1 Overview
In computer graphics, translation, rotation, scaling and projection transformation of geometry are often encountered. Generally, homogeneous coordinates and transformation matrices are involved.
Question: Can two parallel lines intersect?
In Euclidean space (geometry), two parallel lines on the same plane cannot intersect, or never intersect. This is common sense that everyone is familiar with.
However, this is not the case in projected space. For example, the train track in the image below becomes narrower as it moves away from the eye. Finally, the two parallel rails meet at the horizon, a point at infinity.
Euclidean spaces (or Cartesian spaces) are good enough to describe our 2D/3D geometry, but they are not good enough to handle projective spaces (actually, Euclidean geometry is a subset of projective geometry). The Cartesian coordinates of a 2D point can be expressed as (x, y).
What if the point goes to infinity? Points at infinity cannot be represented concretely in Euclidean space. In projective space, parallel lines meet at infinity, but not in Euclidean space.
Solution: homogeneous coordinates
Homogeneous coordinates, proposed by August Ferdinand Möbius (yes, that Möbius circle guy), make graphics and geometric calculations possible in projective spaces. Homogeneous coordinates are a way to represent N-dimensional coordinates with N+1 numbers.
To make 2D homogeneous coordinates, we simply add an extra variable w to the existing coordinates. Thus, a point in Cartesian coordinates, (X, Y) becomes (x, y, w) in homogeneous coordinates. Whereas X and Y in Cartesian coordinates are re-expressed as x, y and w in homogeneous coordinates as
X = x/w
Y = y/wWhy is it called "Qici"?
As mentioned before, in order to convert homogeneous coordinates (x, y, w) to Cartesian coordinates, we simply divide x and y by w.
Converting Homogeneous to Cartesian, we can discover an important fact. Let's see an example below.
As you can see the three points (1, 2, 3), (2, 4, 6) and (4, 8, 12) correspond to the same Euclidean point (1/3, 2/3). And any The number (1a, 2a, 3a) multiplied by a is the same point as (1/3, 2/3) in Euclidean space. Therefore, these points are "homogeneous" because they represent the same point in Euclidean space (or Cartesian space). In other words, homogeneous coordinates are independent of the multiplier a.
Mathematical Proof: Two Parallel Lines Can Intersect
Consider the following linear system in Euclidean space.
And we know that since C≠D, the above equation has no solution. If C=D, then the two lines are identical (overlapping).
Let's rewrite the equation for projective space, replacing x and y with x/w, y/w respectively.
Now, we have a solution, (x,y,0), because (CD)w=0, ∴w=0. Therefore, two parallel lines intersect at (x,y,0).
(x,y,0) geometrically represents a ray with no starting point and end point, and no length, it only has a direction.
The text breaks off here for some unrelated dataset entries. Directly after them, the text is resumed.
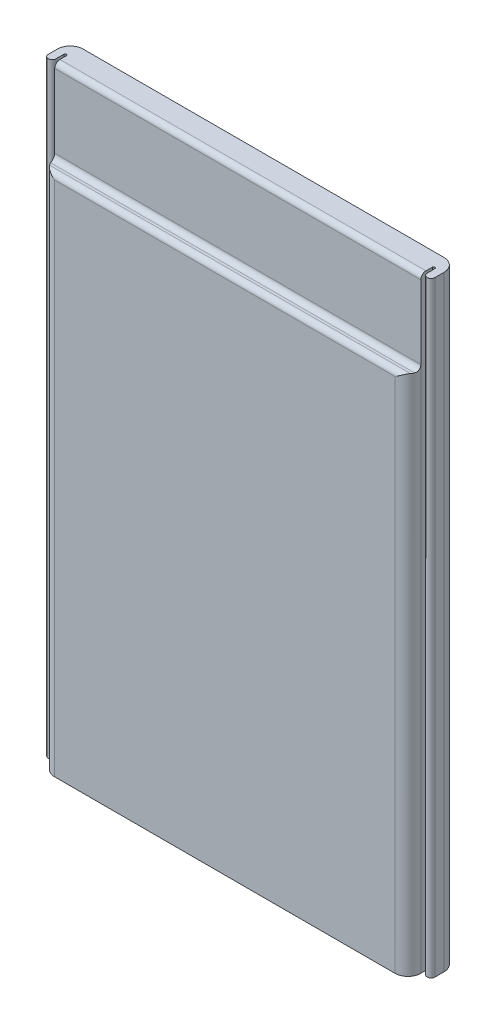
SolidWorks part; units mm, degrees
ref_plane "Front" through (0, 0, 0) normal (0, 0, 1) x (1, 0, 0)
ref_plane "Top" through (0, 0, 0) normal (0, 1, 0) x (1, 0, 0)
ref_plane "Right" through (0, 0, 0) normal (1, 0, 0) x (0, 0, -1)
sketch "Эскиз1" plane through (0, 0, 0) normal (0, 1, 0) x (1, 0, 0)
  line L0 (-14, 0) -> (14, 0)
  line L1 (-13.2, -3) -> (13.2, -3)
  line L2 (-15, -1) -> (-15, -1.7)
  line L3 (15, -1) -> (15, -1.7)
  line L4 (-14.2, -2) -> (-14.2, -1.1)
  line L5 (14.2, -1.1) -> (14.2, -2)
  line L6 (14.4, -1.7) -> (14.4, -1.1)
  line L7 (-14.4, -1.7) -> (-14.4, -1.1)
  arc A0 (-14, 0) -> (-15, -1) centre (-14, -1) ccw
  arc A1 (14, 0) -> (15, -1) centre (14, -1) cw
  arc A2 (-14.2, -2) -> (-13.2, -3) centre (-13.2, -2) ccw
  arc A3 (14.2, -2) -> (13.2, -3) centre (13.2, -2) cw
  arc A4 (15, -1.7) -> (14.4, -1.7) centre (14.7, -1.7) cw
  arc A5 (14.2, -1.1) -> (14.4, -1.1) centre (14.3, -1.1) cw
  arc A6 (-15, -1.7) -> (-14.4, -1.7) centre (-14.7, -1.7) ccw
  arc A7 (-14.2, -1.1) -> (-14.4, -1.1) centre (-14.3, -1.1) ccw
  point P20 (14.3, -1)
  point P21 (14.7, -2)
  point P27 (-14.3, -1)
  point P28 (-14.7, -2)
  dimension "D1" = 30
  dimension "D3" = 1
  dimension "D4" = 1
  dimension "D5" = 0.3
  dimension "D6" = 0.1
  dimension "D2" = 3
extrude "Бобышка-Вытянуть1" add sketch "Эскиз1" along normal mid plane 47
sketch "Эскиз2" plane through (0, 0, 0) normal (1, 0, 0) x (0, 0, -1)
  line L0 (-2, 23.1) -> (-2, 17.4)
  line L1 (-2.4, 17) -> (-2.6, 17)
  line L2 (-3, 23.5) -> (-3, 16.6)
  line L3 (-3, 23.5) -> (-3, -23.5) construction
  line L6 (-3, 23.5) -> (-1.6, 23.5)
  line L7 (0, 23.5) -> (-1, 23.5) construction
  arc A0 (-2, 17.4) -> (-2.4, 17) centre (-2.4, 17.4) cw
  arc A1 (-2.6, 17) -> (-3, 16.6) centre (-2.6, 16.6) ccw
  arc A2 (-1.6, 23.5) -> (-2, 23.1) centre (-1.6, 23.1) ccw
  dimension "D1" = 0.4
  dimension "D2" = 2
  dimension "D3" = 6.5
extrude "Вырез-Вытянуть1" cut sketch "Эскиз2" against normal up to next and the other way up to next
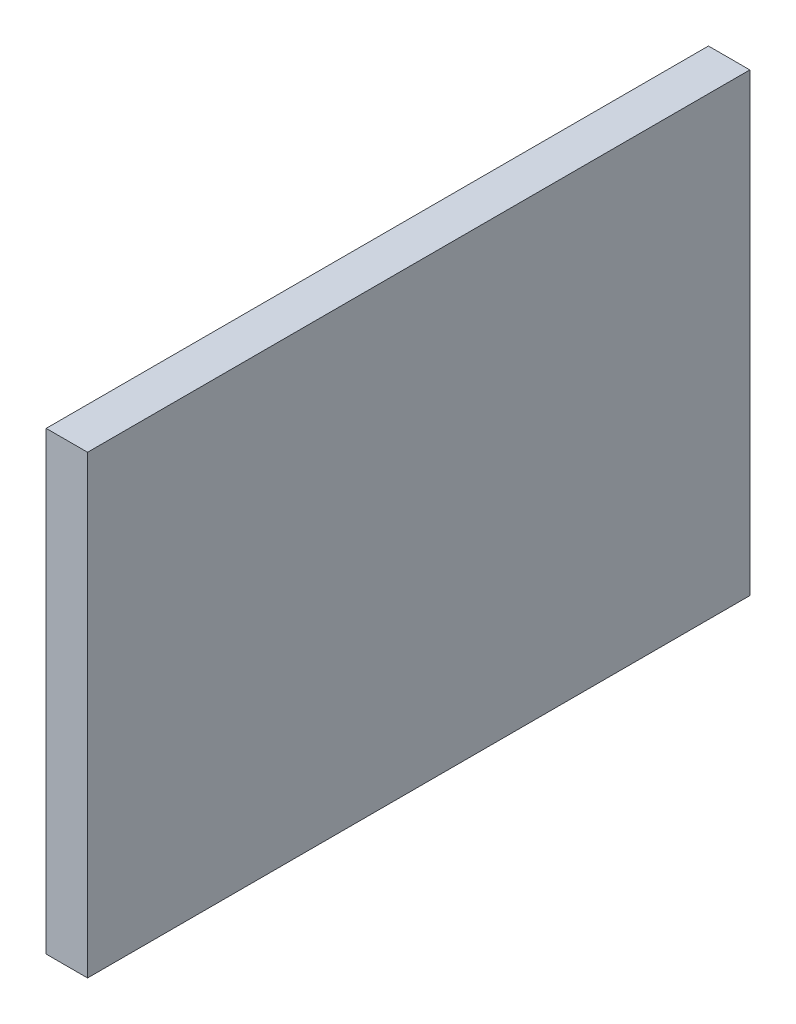
SolidWorks part; units mm, degrees
material "ASTM A36 Steel"
ref_plane "Front Plane" through (0, 0, 0) normal (0, 0, 1) x (1, 0, 0)
ref_plane "Top Plane" through (0, 0, 0) normal (0, 1, 0) x (1, 0, 0)
ref_plane "Right Plane" through (0, 0, 0) normal (1, 0, 0) x (0, 0, -1)
sketch "Sketch1" plane through (0, 0, 0) normal (1, 0, 0) x (0, 0, -1)
  line L1 (-80, -55) -> (80, -55)
  line L2 (-80, -55) -> (-80, 55)
  line L3 (-80, 55) -> (80, 55)
  line L4 (80, -55) -> (80, 55)
  line L5 (-80, -55) -> (80, 55) construction
  line L6 (-80, 55) -> (80, -55) construction
  point P0 (0, 0)
  dimension "D1" = 160
  dimension "D2" = 110
extrude "Boss-Extrude1" add sketch "Sketch1" along normal blind 10
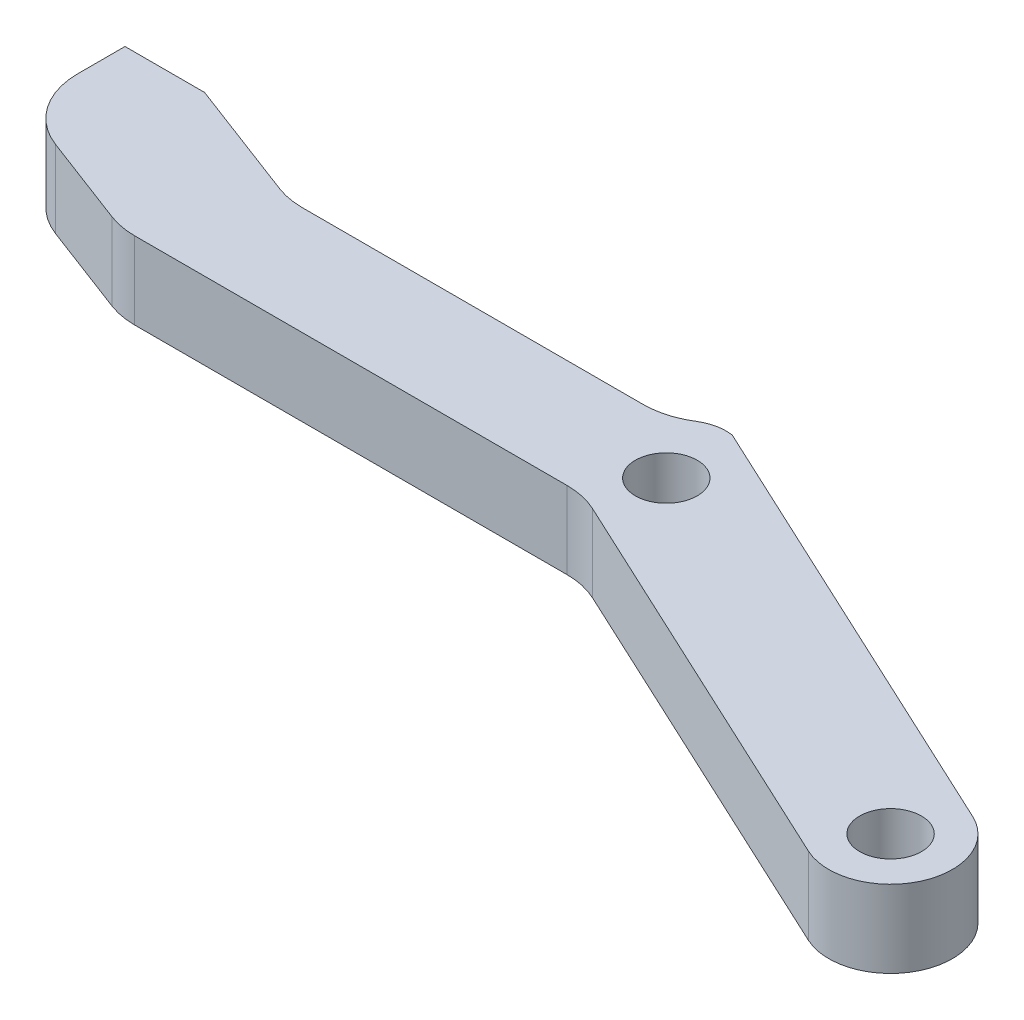
SolidWorks part; units mm, degrees
material "ABS PC"
ref_plane "Plan de face" through (0, 0, 0) normal (0, 0, 1) x (1, 0, 0)
ref_plane "Plan de dessus" through (0, 0, 0) normal (0, 1, 0) x (1, 0, 0)
ref_plane "Plan de droite" through (0, 0, 0) normal (1, 0, 0) x (0, 0, -1)
sketch "Esquisse1" plane through (0, 0, 0) normal (0, 1, 0) x (1, 0, 0)
  line L0 (0, 10.2949) -> (0, 3.7897)
  line L1 (0, 3.7897) -> (10, 0)
  line L2 (10, 0) -> (40, 0)
  line L3 (40, 0) -> (67.1892, -12.6785)
  line L4 (0, 10.2949) -> (5.1487, 10.2949)
  line L5 (5.1487, 10.2949) -> (13.8431, 7)
  line L6 (13.8431, 7) -> (38.6695, 7)
  line L8 (41.4211, 8.1643) -> (70.5702, -5.4281)
  line L9 (40, 0) -> (43.3809, 7.2505) construction
  line L10 (41.6905, 3.6252) -> (-7.4529, 3.6252) construction
  line L11 (41.6905, 3.6252) -> (68.8797, -9.0533) construction
  arc A0 (67.1892, -12.6785) -> (70.5702, -5.4281) centre (68.8797, -9.0533) ccw
  circle A1 centre (68.8797, -9.0533) radius 2
  arc A2 (38.6695, 7) -> (41.4211, 8.1643) centre (40.9742, 5.387) cw
  circle A3 centre (41.6905, 3.6252) radius 2
  dimension "D1" = 30
  dimension "D4" = 4
  dimension "D5" = 8
  dimension "D7" = 4
  dimension "D2" = 10
  dimension "D3" = 7
  dimension "D6" = 30
  dimension "D8" = 155
extrude "Boss.-Extru.1" add sketch "Esquisse1" along normal blind 5
fillet "Congé1" radius 5 5 edges at (38.6695, 2.5, -7) (13.8431, 2.5, -7) (0, 2.5, -3.7897) (10, 2.5, 0) (40, 2.5, 0)
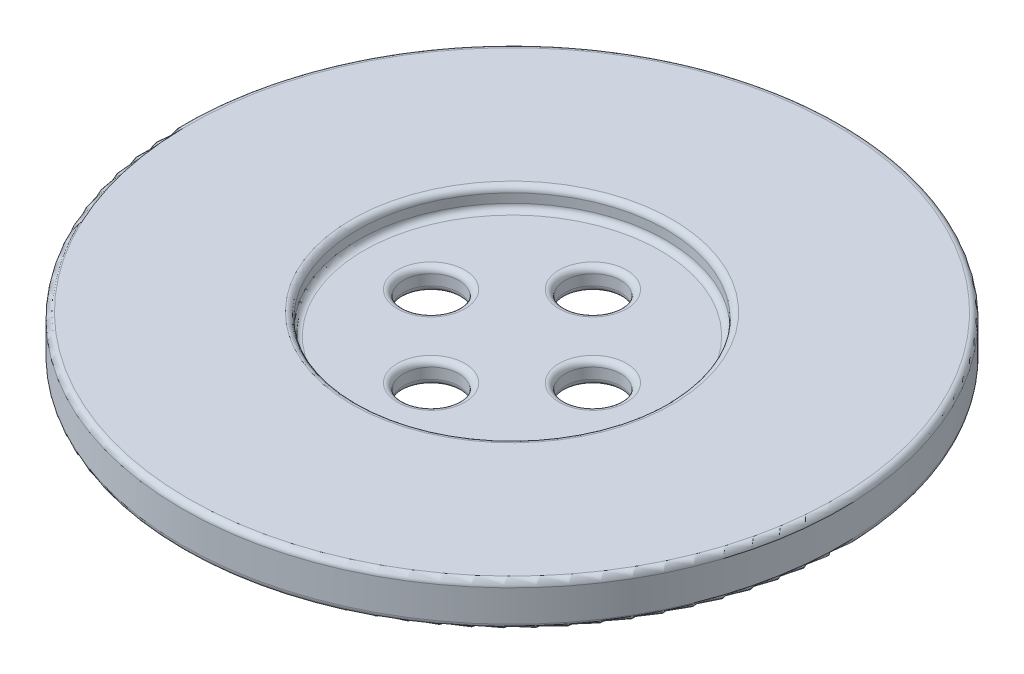
SolidWorks part; units mm, degrees
ref_plane "Front Plane" through (0, 0, 0) normal (0, 0, 1) x (1, 0, 0)
ref_plane "Top Plane" through (0, 0, 0) normal (0, 1, 0) x (1, 0, 0)
ref_plane "Right Plane" through (0, 0, 0) normal (1, 0, 0) x (0, 0, -1)
sketch "Sketch1" plane through (0, 0, 0) normal (0, 1, 0) x (1, 0, 0)
  line L0 (0, 5.4) -> (0, 0) construction
  circle A0 centre (0, 0) radius 22
  circle A1 centre (0, 5.4) radius 1.85
  circle A2 centre (5.4, 0) radius 1.85
  circle A3 centre (0, -5.4) radius 1.85
  circle A4 centre (-5.4, 0) radius 1.85
  point P5 (8.6046, 1.7046)
  point P6 (0, 0)
  point P14 (0, 0)
  dimension "D1" = 5.4
  dimension "D2" = 3.7
  dimension "D3" = 44
  dimension "D4" = 4
extrude "Boss-Extrude1" add sketch "Sketch1" along normal blind 2.9
sketch "Sketch2" plane through (0, 2.9, 0) normal (0, 1, 0) x (1, 0, 0)
  circle A0 centre (0, 0) radius 10.3
  dimension "D1" = 20.6
extrude "Cut-Extrude1" cut sketch "Sketch2" against normal blind 1.4
fillet "Fillet1" radius 0.4 12 edges at (0, 0, 22) (0, 2.9, 22) (0, 2.9, 10.3) (0, 1.5, 10.3) (0, 1.5, 7.25) (0, 0, 7.25) (5.4, 1.5, 1.85) (5.4, 0, 1.85) (0, 1.5, -3.55) (0, 0, -3.55) (-5.4, 1.5, 1.85) (-5.4, 0, 1.85)

Applications of homogeneous coordinates
Homogeneous coordinates are a very useful basic concept in computer graphics. By adding an extra dimension W, it can be used to scale, rotate, translate, and perspective projection matrix transformations on geometry.
Any N-dimensional homogeneous coordinates, as long as W is not 0, can be converted to a vector of W=1 by dividing each component by W, and then obtain the point value of its N-1-dimensional Euclidean space.
When W=0, this coordinate represents an infinitely long vector, usually representing an N-1-dimensional vector.